First: when looking at the problem, I connected the vertices to the center of the circles. The 3 side lengths strongly suggested the law of cosines to me. All that was missing was the angle. And then I made a small leap. If all 4 points formed a cyclic quad then we could easily get the angle. So I gave it a shot, worked through the law of cosines in this case and found a solution. Most of the online versions I saw implicitly did the same thing.
But that’s not really satisfying. Do the 4 points really lie on a circle?
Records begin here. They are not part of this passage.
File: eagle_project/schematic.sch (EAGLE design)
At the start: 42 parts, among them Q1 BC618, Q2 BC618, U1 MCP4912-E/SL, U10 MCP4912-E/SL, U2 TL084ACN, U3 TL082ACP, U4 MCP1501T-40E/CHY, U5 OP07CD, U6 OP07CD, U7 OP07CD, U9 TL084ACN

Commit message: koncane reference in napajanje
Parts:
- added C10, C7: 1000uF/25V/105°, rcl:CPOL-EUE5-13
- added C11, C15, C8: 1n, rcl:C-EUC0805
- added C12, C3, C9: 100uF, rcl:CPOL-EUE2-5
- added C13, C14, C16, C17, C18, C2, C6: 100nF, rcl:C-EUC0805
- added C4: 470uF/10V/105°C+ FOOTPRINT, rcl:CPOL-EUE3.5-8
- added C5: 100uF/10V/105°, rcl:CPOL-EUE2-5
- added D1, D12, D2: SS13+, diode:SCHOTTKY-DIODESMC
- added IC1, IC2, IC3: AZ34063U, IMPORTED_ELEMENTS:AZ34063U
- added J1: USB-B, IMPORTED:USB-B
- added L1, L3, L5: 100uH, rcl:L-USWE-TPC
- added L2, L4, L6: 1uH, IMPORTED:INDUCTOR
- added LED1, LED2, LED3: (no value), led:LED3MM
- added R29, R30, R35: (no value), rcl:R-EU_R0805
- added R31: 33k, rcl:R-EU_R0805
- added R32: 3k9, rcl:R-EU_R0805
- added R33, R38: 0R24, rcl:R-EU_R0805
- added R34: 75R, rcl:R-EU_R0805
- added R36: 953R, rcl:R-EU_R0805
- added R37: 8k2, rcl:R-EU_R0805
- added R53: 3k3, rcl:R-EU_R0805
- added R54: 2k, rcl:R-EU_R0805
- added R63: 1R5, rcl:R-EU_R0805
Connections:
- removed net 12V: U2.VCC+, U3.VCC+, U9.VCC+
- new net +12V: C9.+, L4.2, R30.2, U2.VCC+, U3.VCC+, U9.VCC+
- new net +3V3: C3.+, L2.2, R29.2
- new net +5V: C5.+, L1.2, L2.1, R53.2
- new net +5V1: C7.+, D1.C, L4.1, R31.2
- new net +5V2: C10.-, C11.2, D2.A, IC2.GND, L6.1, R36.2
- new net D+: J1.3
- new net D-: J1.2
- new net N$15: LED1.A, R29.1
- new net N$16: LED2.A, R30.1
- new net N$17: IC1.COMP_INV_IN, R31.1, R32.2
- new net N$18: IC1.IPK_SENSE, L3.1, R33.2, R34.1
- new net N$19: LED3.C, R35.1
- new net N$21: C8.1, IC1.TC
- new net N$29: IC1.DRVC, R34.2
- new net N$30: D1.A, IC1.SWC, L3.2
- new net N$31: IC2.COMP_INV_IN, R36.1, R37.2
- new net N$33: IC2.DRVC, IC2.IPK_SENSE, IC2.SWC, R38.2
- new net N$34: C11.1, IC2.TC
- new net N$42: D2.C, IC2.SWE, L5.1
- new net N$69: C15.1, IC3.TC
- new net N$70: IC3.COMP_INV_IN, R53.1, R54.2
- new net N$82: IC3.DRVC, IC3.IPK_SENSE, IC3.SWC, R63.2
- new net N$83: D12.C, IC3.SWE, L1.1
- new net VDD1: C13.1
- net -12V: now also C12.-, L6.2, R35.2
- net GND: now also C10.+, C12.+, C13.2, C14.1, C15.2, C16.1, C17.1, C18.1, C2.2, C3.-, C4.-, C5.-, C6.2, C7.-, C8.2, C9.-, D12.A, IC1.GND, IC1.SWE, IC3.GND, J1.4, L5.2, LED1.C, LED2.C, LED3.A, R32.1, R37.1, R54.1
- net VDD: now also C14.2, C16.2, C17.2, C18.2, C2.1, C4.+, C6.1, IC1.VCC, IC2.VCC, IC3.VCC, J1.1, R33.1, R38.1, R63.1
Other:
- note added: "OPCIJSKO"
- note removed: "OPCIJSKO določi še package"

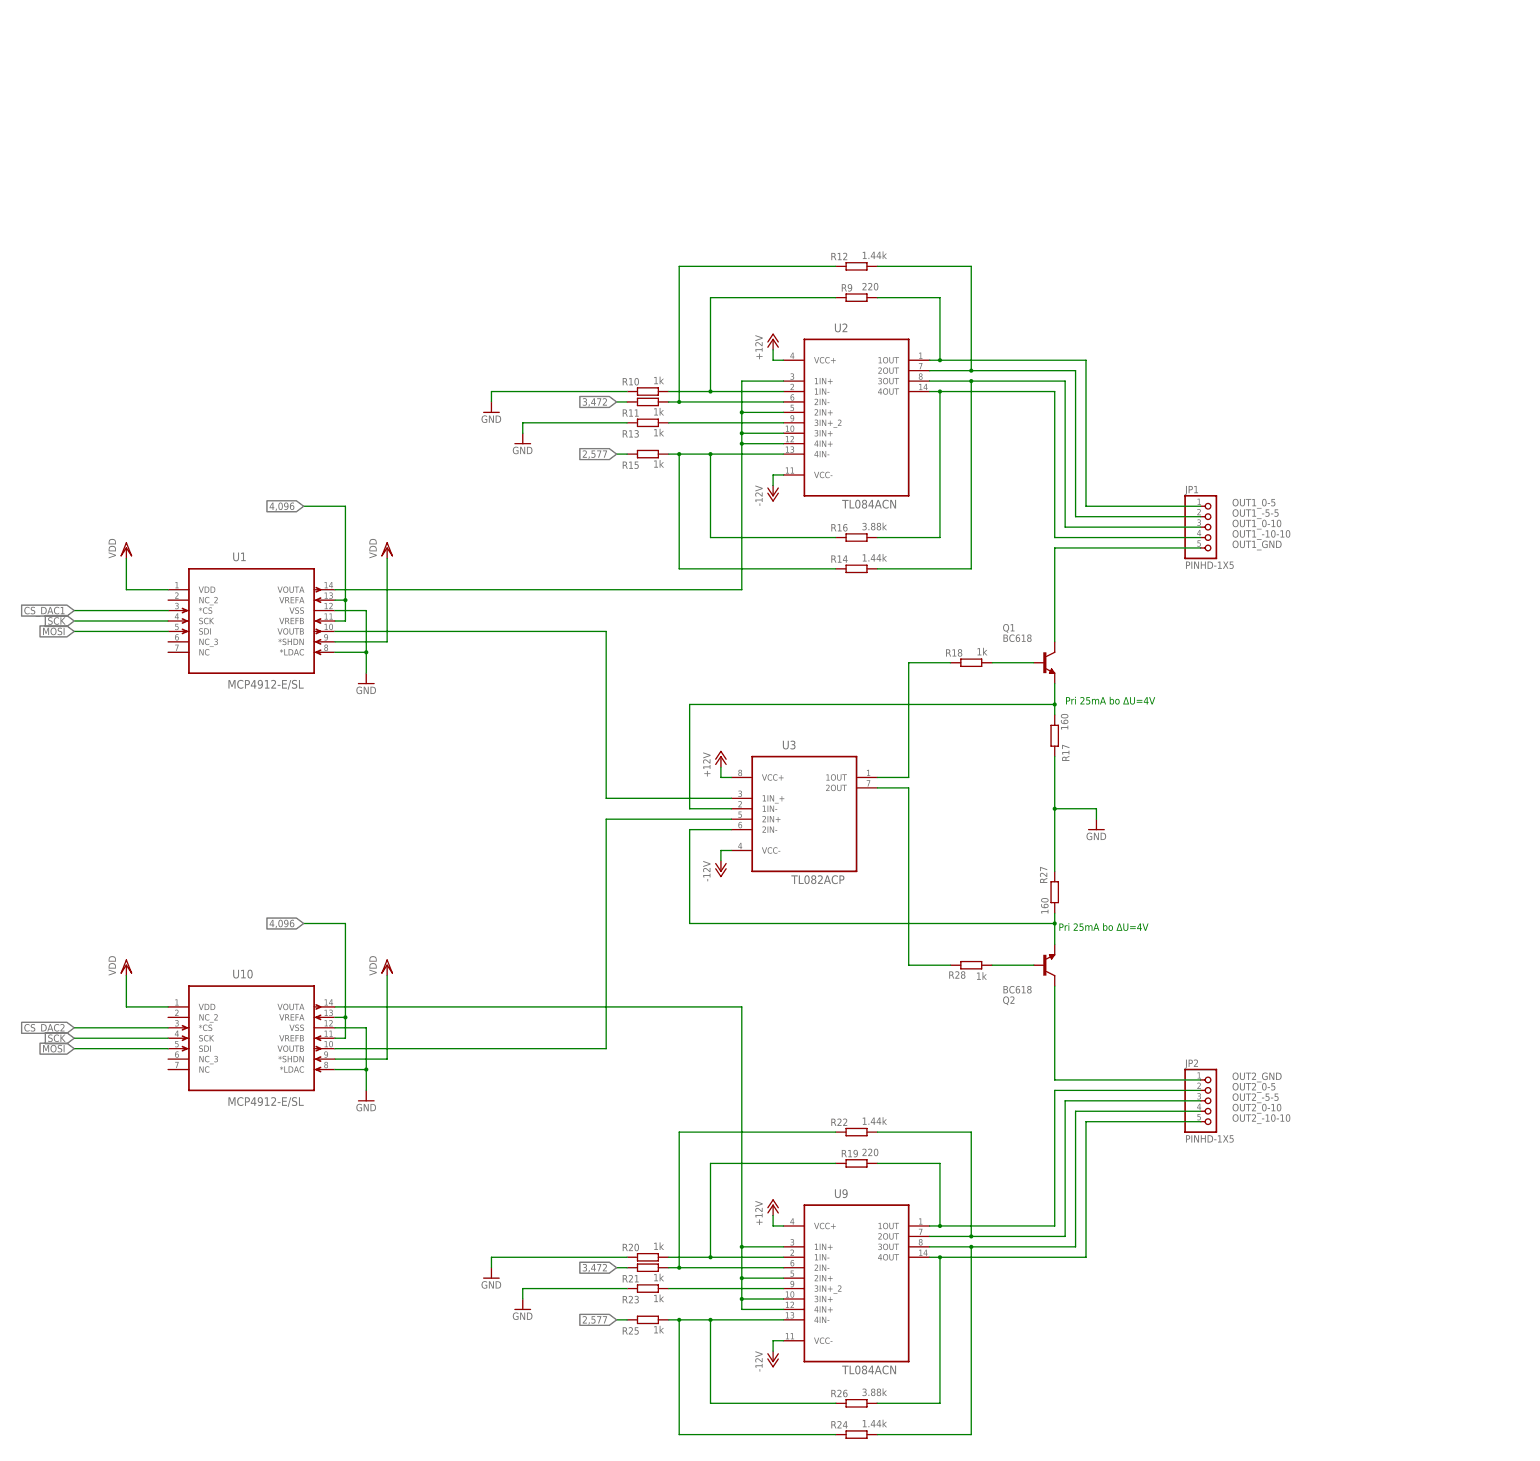
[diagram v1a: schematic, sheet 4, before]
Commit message: Updated analog outputs. Removed op amps and added secector switches
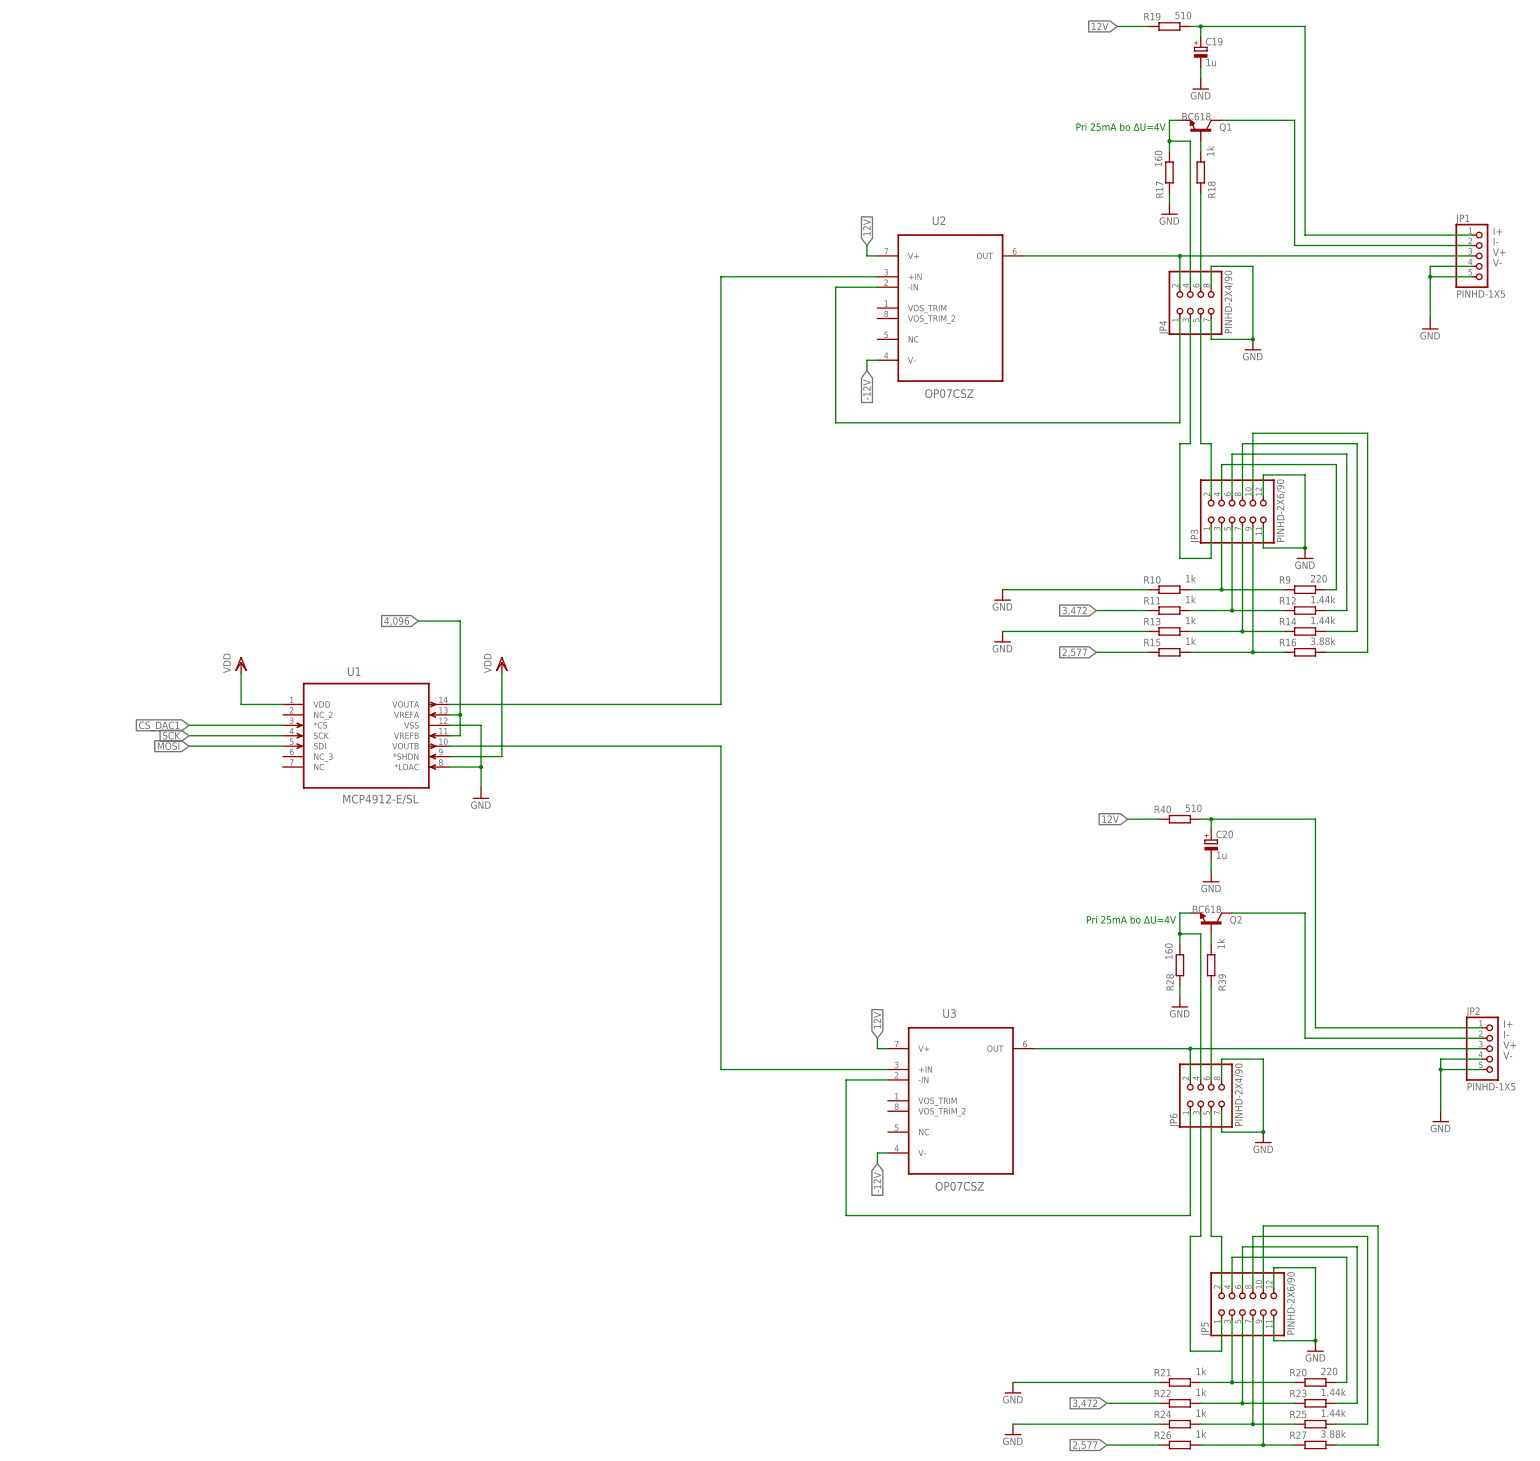
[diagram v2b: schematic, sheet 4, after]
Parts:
- removed U10: MCP4912-E/SL, Microchip_By_element14_Batch_1:MCP4912-E/SL
- removed U9: TL084ACN, Texas Instruments_By_element14_Batch_1:TL084ACN
- added C19, C20: 1u, resistor:CPOL-EUE2-5
- added JP3, JP5: PINHD-2X6/90, Connector:PINHD-2X6/90
- added JP4, JP6: PINHD-2X4/90, Connector:PINHD-2X4/90
- added R39: 1k, resistor:R-EU_0207/7
- added R40: 510, resistor:R-EU_0207/7
- R19: value 220 -> 510
- R20: value 1k -> 220
- R22, R24: value 1.44k -> 1k
- R23, R25: value 1k -> 1.44k
- R26: value 3.88k -> 1k
- R27: value 160 -> 3.88k
- R28: value 1k -> 160
- U2: value TL084ACN -> OP07CSZ; device Texas Instruments_By_element14_Batch_1:TL084ACN -> Analog Devices_By_element14_Batch_1:OP07CSZ
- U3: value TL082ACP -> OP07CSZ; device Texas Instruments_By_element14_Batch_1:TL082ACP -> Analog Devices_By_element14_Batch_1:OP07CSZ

There are several ways to prove this is true in general but here the converse of Ptolemy’s Theorem is the one that works. $ BC \cdot OA = BO \cdot AC + AB \cdot OC $ or after putting the values in and letting s be the side length of the triangle: the sides do satisfy the theorem $ 3s = s + 2s $ Based on the cyclic quad it also falls out that $ \angle{BOC} = 120 $ and you can then immediately look at $ \triangle{OBC} $ via the law of cosines.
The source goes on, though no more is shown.